Почти у самого, уже яснеющего предчувствием скорого восхода, горизонта, устало помаргивали красными бусинками габаритки далеких спящих яхт. Провести ночь у океана, под пальмой и с бананом в руке! Ну, все, на фиг! Пора кончать с такими сказочными глупостями. Полпятого. До дома номер 1908 отсюда десять километров. Два часа пеху. Негритянские хулиганы, поди, уже все спят, толстожопые полицейские, как и наши толстопузые менты, в такое время тоже кимарят. Теперь нужно только шагать, быстро и не оглядываясь, чтобы войти в закрытую пока дверь до всеобщего семичасового пробуждения.

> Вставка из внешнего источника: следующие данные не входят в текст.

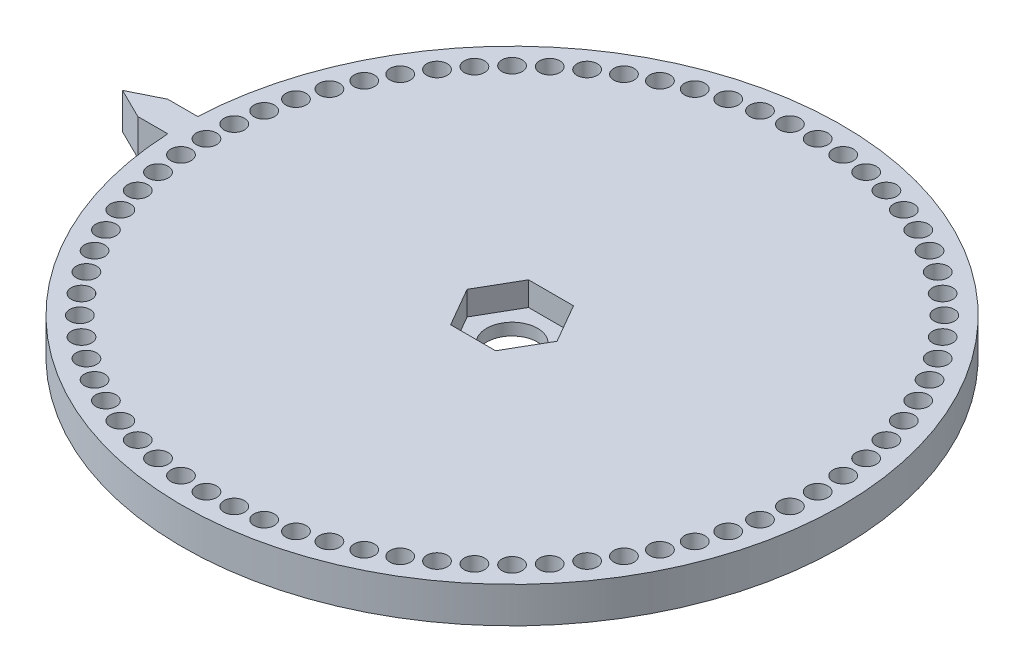
SolidWorks part; units mm, degrees
material "ABS PC"
ref_plane "Front Plane" through (0, 0, 0) normal (0, 0, 1) x (1, 0, 0)
ref_plane "Top Plane" through (0, 0, 0) normal (0, 1, 0) x (1, 0, 0)
ref_plane "Right Plane" through (0, 0, 0) normal (1, 0, 0) x (0, 0, -1)
sketch "Sketch1" plane through (0, 0, 0) normal (0, 1, 0) x (1, 0, 0)
  circle A0 centre (0, 0) radius 55
  dimension "D1" = 110
extrude "Boss-Extrude1" add sketch "Sketch1" along normal blind 6
sketch "Sketch2" plane through (0, 6, 0) normal (0, 1, 0) x (1, 0, 0)
  line L1 (3.7528, 6.5) -> (-3.7528, 6.5)
  line L2 (-3.7528, 6.5) -> (-7.5056, 0)
  line L3 (-7.5056, 0) -> (-3.7528, -6.5)
  line L4 (-3.7528, -6.5) -> (3.7528, -6.5)
  line L5 (3.7528, -6.5) -> (7.5056, 0)
  line L6 (7.5056, 0) -> (3.7528, 6.5)
  circle A0 centre (0, 0) radius 6.5 construction
  dimension "D1" = 13
extrude "Cut-Extrude1" cut sketch "Sketch2" against normal blind 4
sketch "Sketch3" plane through (0, 6, 0) normal (0, 1, 0) x (1, 0, 0)
  circle A0 centre (0, 51) radius 1.7
  point P51 (0, 0)
  dimension "D1" = 3.4
  dimension "D2" = 51
  dimension "D3" = 0
extrude "Cut-Extrude2" cut sketch "Sketch3" against normal through all
pattern_circular "CirPattern1" count 72 every 5 about axis through (0, 0, 0) along (0, 1, 0) of "Cut-Extrude2"
sketch "Sketch4" plane through (0, 2, 0) normal (0, 1, 0) x (1, 0, 0)
  circle A0 centre (0, 0) radius 4.25
  dimension "D1" = 8.5
extrude "Cut-Extrude3" cut sketch "Sketch4" against normal through all
sketch "Sketch5" plane through (0, 6, 0) normal (0, 1, 0) x (1, 0, 0)
  line L0 (-59.9432, 2.5) -> (-65, 0)
  line L1 (-54.9432, 2.5) -> (-54.9432, -2.5)
  line L2 (-65, 0) -> (-59.9432, -2.5)
  line L3 (-54.9432, 2.5) -> (-59.9432, 2.5)
  line L4 (3.7528, 6.5) -> (-3.7528, 6.5) construction
  line L7 (-54.9432, -2.5) -> (-59.9432, -2.5)
  circle A0 centre (0, 0) radius 4.25 construction
  circle A1 centre (0, 0) radius 55 construction
  dimension "D1" = 65
  dimension "D2" = 5
  dimension "D3" = 2.5
  dimension "D4" = 5
extrude "Boss-Extrude2" add sketch "Sketch5" against normal blind 6

Последние 908 домов, ровненько расставленных через каждые двадцать метров слева от широкой, в шесть рядов, трассы, были абсолютно одинаковы. В розовом утреннем солнце, стирающем непринципиальные различия в сиено-охристой гамме окраски стен, и вовсе даже неразличимы. Столбик с двумя почтовыми ящичками, газончик с двумя дорожками, два апельсиновых деревца около верандочек, прозрачными ушами обрамляющих островерхие домики на два хозяина. И следующий столбик, дорожки и деревца. До этого ему на трассе повстречались только два фургончика, развозящие продукты, и еще некоторое время за ним бежала безо всяких причин приставшая невзрачная рыженькая собачонка. Километра два она семенила, понуро повесив голову и не пытаясь изменить дистанцию в пяток метров. Молча появилась, молча пропала. 1906, 1907, 1908. Стоп. Которые тут русские, а которые венгры? Ага, только у русских в окне второго, мансардного, этажа может быть выставлена на просушку подушка. Сергей вытер о брюки вспотевшие ладони и нажал на звонок. Ох, надо было сначала на часы посмотреть.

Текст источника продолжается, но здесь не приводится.